Realists would disagree. They would argue that the moral claims of any side can have no hold on the United States, and that the United States must shape its policies to its national interest. However, as I have argued, pursuing a national interest without reference to a moral purpose leaves the national interest shallow and incomplete. More important, defining the national interest in the region on its own terms is extraordinarily difficult. The moral compass must be there, but it points in many directions. The pursuit of the national interest is less obvious than it might appear.

Morality rooted in historical claims can be shaped to suit, and is by all sides. A simple moral judgment doesn’t deal with the realities on the ground, and simply arriving at a coherent moral position is breathtakingly difficult. As for the realist position, it is extraordinarily difficult to extract what that might be. So the question is, how do we frame a realistic foreign policy that will serve the moral purpose and national interest in the decade to come? To find the answer, we need to consider the history of the relationship between Israel and the United States.

THE UNITED STATES AND ISRAEL

The United States recognized Israeli independence in 1948, but the two countries were hardly allies in any sense of the term. While the United States always recognized Israel’s right to exist, that fact never really drove U.S. policy. The primary American interest in 1948, when Israel came into being, was the containment of the Soviet Union, and the American focus was primarily on Turkey and Greece. Greece had an internal Communist insurgency. Both Greece and Turkey had an external Soviet threat as well. For the United States, Turkey was the key to the region. It was only a narrow strait in Turkey, the Bosporus, that blocked the Soviet fleet in the Black Sea from entering the Mediterranean Sea in force. If that strait fell into Soviet hands, the Soviets would be able to challenge American power and threaten southern Europe.

The major impediment to the U.S. strategy of containment in the Middle East was that the British and French were trying to reestablish the influence in the region that they had held before World War II. Seeking to develop closer ties in the Arab world, the Soviets could and did exploit hostility to the Europeans’ machinations. Things came to a head in 1956, after Nasser took power and nationalized the Suez Canal.

Neither the British nor the French (who were fighting to suppress an anticolonial revolt in Algeria and who were striving to reclaim their influence in Lebanon and Syria) wanted Egypt to control the canal. Neither did Israel. In 1956, the three nations hatched a plot for an Israeli invasion of Egypt, but with a twist. After Israel reached the canal, British and French forces would intervene, seizing the canal to secure it from the Israeli invasion and potential conflict with Egypt.

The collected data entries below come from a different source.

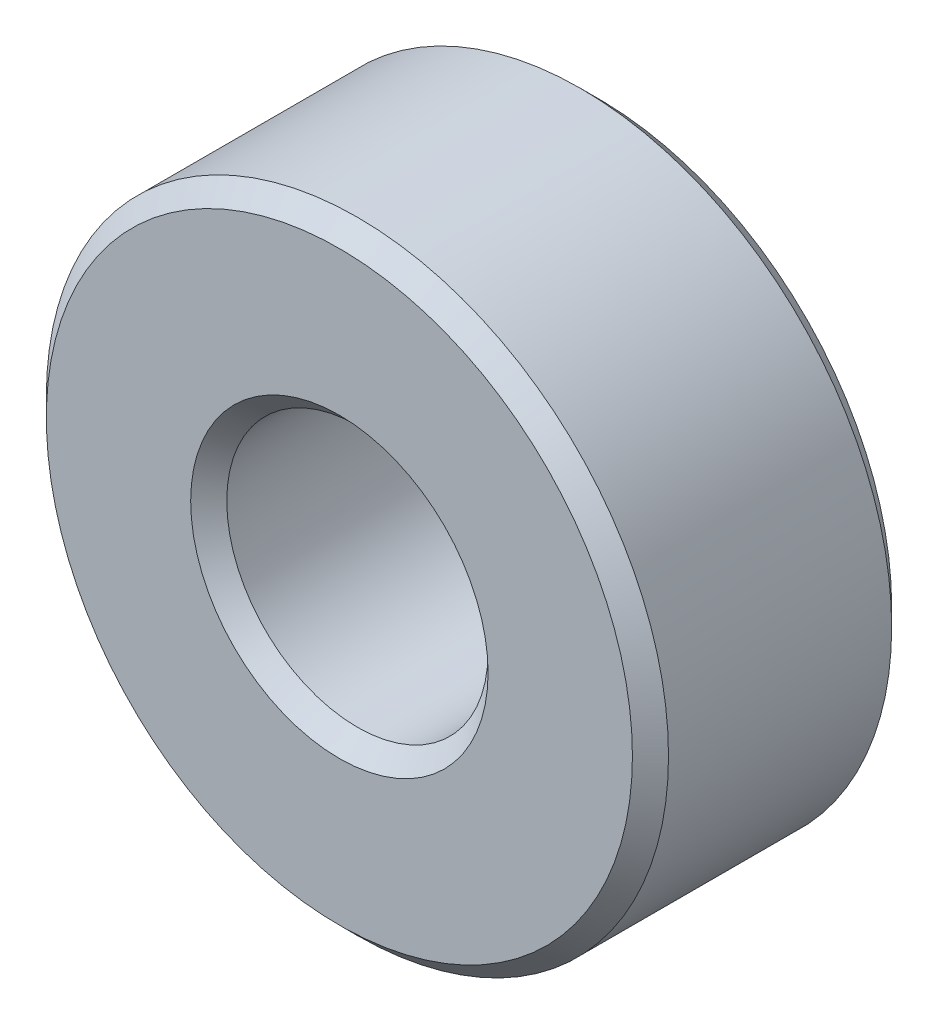
ISO-10303-21;
HEADER;
FILE_DESCRIPTION(('STEP AP214'),'2;1');
FILE_NAME('part.step','',(''),(''),'','','');
FILE_SCHEMA(('AUTOMOTIVE_DESIGN { 1 0 10303 214 1 1 1 1 }'));
ENDSEC;
DATA;
#1=APPLICATION_CONTEXT('core data for automotive mechanical design processes');
#2=APPLICATION_PROTOCOL_DEFINITION('international standard','automotive_design',2000,#1);
#3=PRODUCT_CONTEXT('',#1,'mechanical');
#4=PRODUCT('Part','Part','',(#3));
#5=PRODUCT_RELATED_PRODUCT_CATEGORY('part','',(#4));
#6=PRODUCT_DEFINITION_FORMATION('','',#4);
#7=PRODUCT_DEFINITION_CONTEXT('part definition',#1,'design');
#8=PRODUCT_DEFINITION('design','',#6,#7);
#9=PRODUCT_DEFINITION_SHAPE('','',#8);
#10=(LENGTH_UNIT() NAMED_UNIT(*) SI_UNIT(.MILLI.,.METRE.));
#11=(NAMED_UNIT(*) PLANE_ANGLE_UNIT() SI_UNIT($,.RADIAN.));
#12=(NAMED_UNIT(*) SI_UNIT($,.STERADIAN.) SOLID_ANGLE_UNIT());
#13=UNCERTAINTY_MEASURE_WITH_UNIT(LENGTH_MEASURE(1.E-05),#10,'distance_accuracy_value','');
#14=(GEOMETRIC_REPRESENTATION_CONTEXT(3) GLOBAL_UNCERTAINTY_ASSIGNED_CONTEXT((#13)) GLOBAL_UNIT_ASSIGNED_CONTEXT((#10,
#11,#12)) REPRESENTATION_CONTEXT('',''));
#15=CARTESIAN_POINT('',(0.,0.,0.));
#16=DIRECTION('',(0.,0.,1.));
#17=DIRECTION('',(1.,0.,0.));
#18=AXIS2_PLACEMENT_3D('',#15,#16,#17);
#19=CARTESIAN_POINT('',(0.,0.,-3.96875));
#20=DIRECTION('',(0.,0.,1.));
#21=DIRECTION('',(1.,0.,0.));
#22=AXIS2_PLACEMENT_3D('',#19,#20,#21);
#23=CYLINDRICAL_SURFACE('',#22,9.525);
#24=CARTESIAN_POINT('',(0.,0.,3.4163));
#25=DIRECTION('',(0.,0.,1.));
#26=DIRECTION('',(1.,0.,0.));
#27=AXIS2_PLACEMENT_3D('',#24,#25,#26);
#28=CIRCLE('',#27,9.525);
#29=CARTESIAN_POINT('',(9.525,0.,3.4163));
#30=VERTEX_POINT('',#29);
#31=EDGE_CURVE('E70',#30,#30,#28,.F.);
#32=ORIENTED_EDGE('',*,*,#31,.T.);
#33=EDGE_LOOP('',(#32));
#34=FACE_BOUND('',#33,.T.);
#35=CARTESIAN_POINT('',(0.,0.,-3.4163));
#36=DIRECTION('',(0.,0.,1.));
#37=DIRECTION('',(1.,0.,0.));
#38=AXIS2_PLACEMENT_3D('',#35,#36,#37);
#39=CIRCLE('',#38,9.525);
#40=CARTESIAN_POINT('',(9.525,0.,-3.4163));
#41=VERTEX_POINT('',#40);
#42=EDGE_CURVE('E74',#41,#41,#39,.T.);
#43=ORIENTED_EDGE('',*,*,#42,.T.);
#44=EDGE_LOOP('',(#43));
#45=FACE_BOUND('',#44,.T.);
#46=ADVANCED_FACE('F44',(#34,#45),#23,.T.);
#47=CARTESIAN_POINT('',(0.,0.,-3.96875));
#48=DIRECTION('',(0.,0.,1.));
#49=DIRECTION('',(1.,0.,0.));
#50=AXIS2_PLACEMENT_3D('',#47,#48,#49);
#51=PLANE('',#50);
#52=CARTESIAN_POINT('',(0.,0.,-3.96875));
#53=DIRECTION('',(0.,0.,1.));
#54=DIRECTION('',(1.,0.,0.));
#55=AXIS2_PLACEMENT_3D('',#52,#53,#54);
#56=CIRCLE('',#55,8.97255);
#57=CARTESIAN_POINT('',(8.97255,0.,-3.96875));
#58=VERTEX_POINT('',#57);
#59=EDGE_CURVE('E58',#58,#58,#56,.F.);
#60=ORIENTED_EDGE('',*,*,#59,.T.);
#61=EDGE_LOOP('',(#60));
#62=FACE_BOUND('',#61,.T.);
#63=CARTESIAN_POINT('',(0.,0.,-3.96875));
#64=DIRECTION('',(0.,0.,1.));
#65=DIRECTION('',(1.,0.,0.));
#66=AXIS2_PLACEMENT_3D('',#63,#64,#65);
#67=CIRCLE('',#66,4.55295);
#68=CARTESIAN_POINT('',(4.55295,0.,-3.96875));
#69=VERTEX_POINT('',#68);
#70=EDGE_CURVE('E64',#69,#69,#67,.T.);
#71=ORIENTED_EDGE('',*,*,#70,.T.);
#72=EDGE_LOOP('',(#71));
#73=FACE_BOUND('',#72,.T.);
#74=ADVANCED_FACE('F103',(#62,#73),#51,.F.);
#75=CARTESIAN_POINT('',(0.,0.,-3.96875));
#76=DIRECTION('',(0.,0.,1.));
#77=DIRECTION('',(1.,0.,0.));
#78=AXIS2_PLACEMENT_3D('',#75,#76,#77);
#79=CYLINDRICAL_SURFACE('',#78,4.0005);
#80=CARTESIAN_POINT('',(0.,0.,3.4163));
#81=DIRECTION('',(0.,0.,1.));
#82=DIRECTION('',(1.,0.,0.));
#83=AXIS2_PLACEMENT_3D('',#80,#81,#82);
#84=CIRCLE('',#83,4.0005);
#85=CARTESIAN_POINT('',(4.0005,0.,3.4163));
#86=VERTEX_POINT('',#85);
#87=EDGE_CURVE('E10',#86,#86,#84,.T.);
#88=ORIENTED_EDGE('',*,*,#87,.T.);
#89=EDGE_LOOP('',(#88));
#90=FACE_BOUND('',#89,.T.);
#91=CARTESIAN_POINT('',(0.,0.,-3.4163));
#92=DIRECTION('',(0.,0.,1.));
#93=DIRECTION('',(1.,0.,0.));
#94=AXIS2_PLACEMENT_3D('',#91,#92,#93);
#95=CIRCLE('',#94,4.0005);
#96=CARTESIAN_POINT('',(4.0005,0.,-3.4163));
#97=VERTEX_POINT('',#96);
#98=EDGE_CURVE('E52',#97,#97,#95,.F.);
#99=ORIENTED_EDGE('',*,*,#98,.T.);
#100=EDGE_LOOP('',(#99));
#101=FACE_BOUND('',#100,.T.);
#102=ADVANCED_FACE('F109',(#90,#101),#79,.F.);
#103=CARTESIAN_POINT('',(0.,0.,3.96875));
#104=DIRECTION('',(0.,0.,1.));
#105=DIRECTION('',(1.,0.,0.));
#106=AXIS2_PLACEMENT_3D('',#103,#104,#105);
#107=PLANE('',#106);
#108=CARTESIAN_POINT('',(0.,0.,3.96875));
#109=DIRECTION('',(0.,0.,1.));
#110=DIRECTION('',(1.,0.,0.));
#111=AXIS2_PLACEMENT_3D('',#108,#109,#110);
#112=CIRCLE('',#111,8.97255);
#113=CARTESIAN_POINT('',(8.97255,0.,3.96875));
#114=VERTEX_POINT('',#113);
#115=EDGE_CURVE('E78',#114,#114,#112,.T.);
#116=ORIENTED_EDGE('',*,*,#115,.T.);
#117=EDGE_LOOP('',(#116));
#118=FACE_BOUND('',#117,.T.);
#119=CARTESIAN_POINT('',(0.,0.,3.96875));
#120=DIRECTION('',(0.,0.,1.));
#121=DIRECTION('',(1.,0.,0.));
#122=AXIS2_PLACEMENT_3D('',#119,#120,#121);
#123=CIRCLE('',#122,4.55295);
#124=CARTESIAN_POINT('',(4.55295,0.,3.96875));
#125=VERTEX_POINT('',#124);
#126=EDGE_CURVE('E82',#125,#125,#123,.F.);
#127=ORIENTED_EDGE('',*,*,#126,.T.);
#128=EDGE_LOOP('',(#127));
#129=FACE_BOUND('',#128,.T.);
#130=ADVANCED_FACE('F88',(#118,#129),#107,.T.);
#131=CARTESIAN_POINT('',(0.,0.,3.96875));
#132=DIRECTION('',(0.,0.,-1.));
#133=DIRECTION('',(-1.,0.,0.));
#134=AXIS2_PLACEMENT_3D('',#131,#132,#133);
#135=CONICAL_SURFACE('',#134,8.97255,0.785398163397445);
#136=ORIENTED_EDGE('',*,*,#31,.F.);
#137=EDGE_LOOP('',(#136));
#138=FACE_BOUND('',#137,.T.);
#139=ORIENTED_EDGE('',*,*,#115,.F.);
#140=EDGE_LOOP('',(#139));
#141=FACE_BOUND('',#140,.T.);
#142=ADVANCED_FACE('F99',(#138,#141),#135,.T.);
#143=CARTESIAN_POINT('',(0.,0.,-3.4163));
#144=DIRECTION('',(0.,0.,1.));
#145=DIRECTION('',(1.,0.,0.));
#146=AXIS2_PLACEMENT_3D('',#143,#144,#145);
#147=CONICAL_SURFACE('',#146,9.525,0.78539816339745);
#148=ORIENTED_EDGE('',*,*,#59,.F.);
#149=EDGE_LOOP('',(#148));
#150=FACE_BOUND('',#149,.T.);
#151=ORIENTED_EDGE('',*,*,#42,.F.);
#152=EDGE_LOOP('',(#151));
#153=FACE_BOUND('',#152,.T.);
#154=ADVANCED_FACE('F93',(#150,#153),#147,.T.);
#155=CARTESIAN_POINT('',(0.,0.,3.4163));
#156=DIRECTION('',(0.,0.,1.));
#157=DIRECTION('',(1.,0.,0.));
#158=AXIS2_PLACEMENT_3D('',#155,#156,#157);
#159=CONICAL_SURFACE('',#158,4.0005,0.785398163397451);
#160=ORIENTED_EDGE('',*,*,#126,.F.);
#161=EDGE_LOOP('',(#160));
#162=FACE_BOUND('',#161,.T.);
#163=ORIENTED_EDGE('',*,*,#87,.F.);
#164=EDGE_LOOP('',(#163));
#165=FACE_BOUND('',#164,.T.);
#166=ADVANCED_FACE('F90',(#162,#165),#159,.F.);
#167=CARTESIAN_POINT('',(0.,0.,-3.96875));
#168=DIRECTION('',(0.,0.,-1.));
#169=DIRECTION('',(-1.,0.,0.));
#170=AXIS2_PLACEMENT_3D('',#167,#168,#169);
#171=CONICAL_SURFACE('',#170,4.55295,0.785398163397446);
#172=ORIENTED_EDGE('',*,*,#98,.F.);
#173=EDGE_LOOP('',(#172));
#174=FACE_BOUND('',#173,.T.);
#175=ORIENTED_EDGE('',*,*,#70,.F.);
#176=EDGE_LOOP('',(#175));
#177=FACE_BOUND('',#176,.T.);
#178=ADVANCED_FACE('F46',(#174,#177),#171,.F.);
#179=CLOSED_SHELL('',(#46,#74,#102,#130,#142,#154,#166,#178));
#180=MANIFOLD_SOLID_BREP('B2',#179);
#181=ADVANCED_BREP_SHAPE_REPRESENTATION('',(#18,#180),#14);
#182=SHAPE_DEFINITION_REPRESENTATION(#9,#181);
ENDSEC;
END-ISO-10303-21;

It was one of those ideas that must have made sense when sketched on a cocktail napkin after a few drinks.

In the American view, the adventure was not only doomed to failure but would drive Egypt into the Soviet camp, giving them a strong and strategic ally. Since anything that might increase Soviet power was unacceptable to the United States, the Eisenhower administration intervened against the Suez scheme, forcing British and French withdrawal and Israel back to the 1948 lines. In the late 1950s, there was no love lost between Israel and the United States.

The strategic problem for Israel was that its national security requirements always outstripped its industrial and military base. In other words, given the challenges it faced from Egypt and Syria, and potentially from Jordan, not to mention the Soviet Union, it could not produce the weapons it needed in order to protect itself. To ensure a steady source of weapons, it needed a major foreign patron.

Israel’s first patron was the Soviet Union, which saw Israel as an anti-British power that might become an ally. The USSR supplied weapons to Israel through Czechoslovakia, but this relationship crumbled quickly. Then France, still fighting in Algeria, replaced the Soviets as Israel’s benefactor. The Arab countries supported the Algerian rebels, and thus it was in France’s interest to have a strong Israel standing alongside France in opposition. So the French supplied the Israelis with aircraft, tanks, and the basic technology for their nuclear weapons.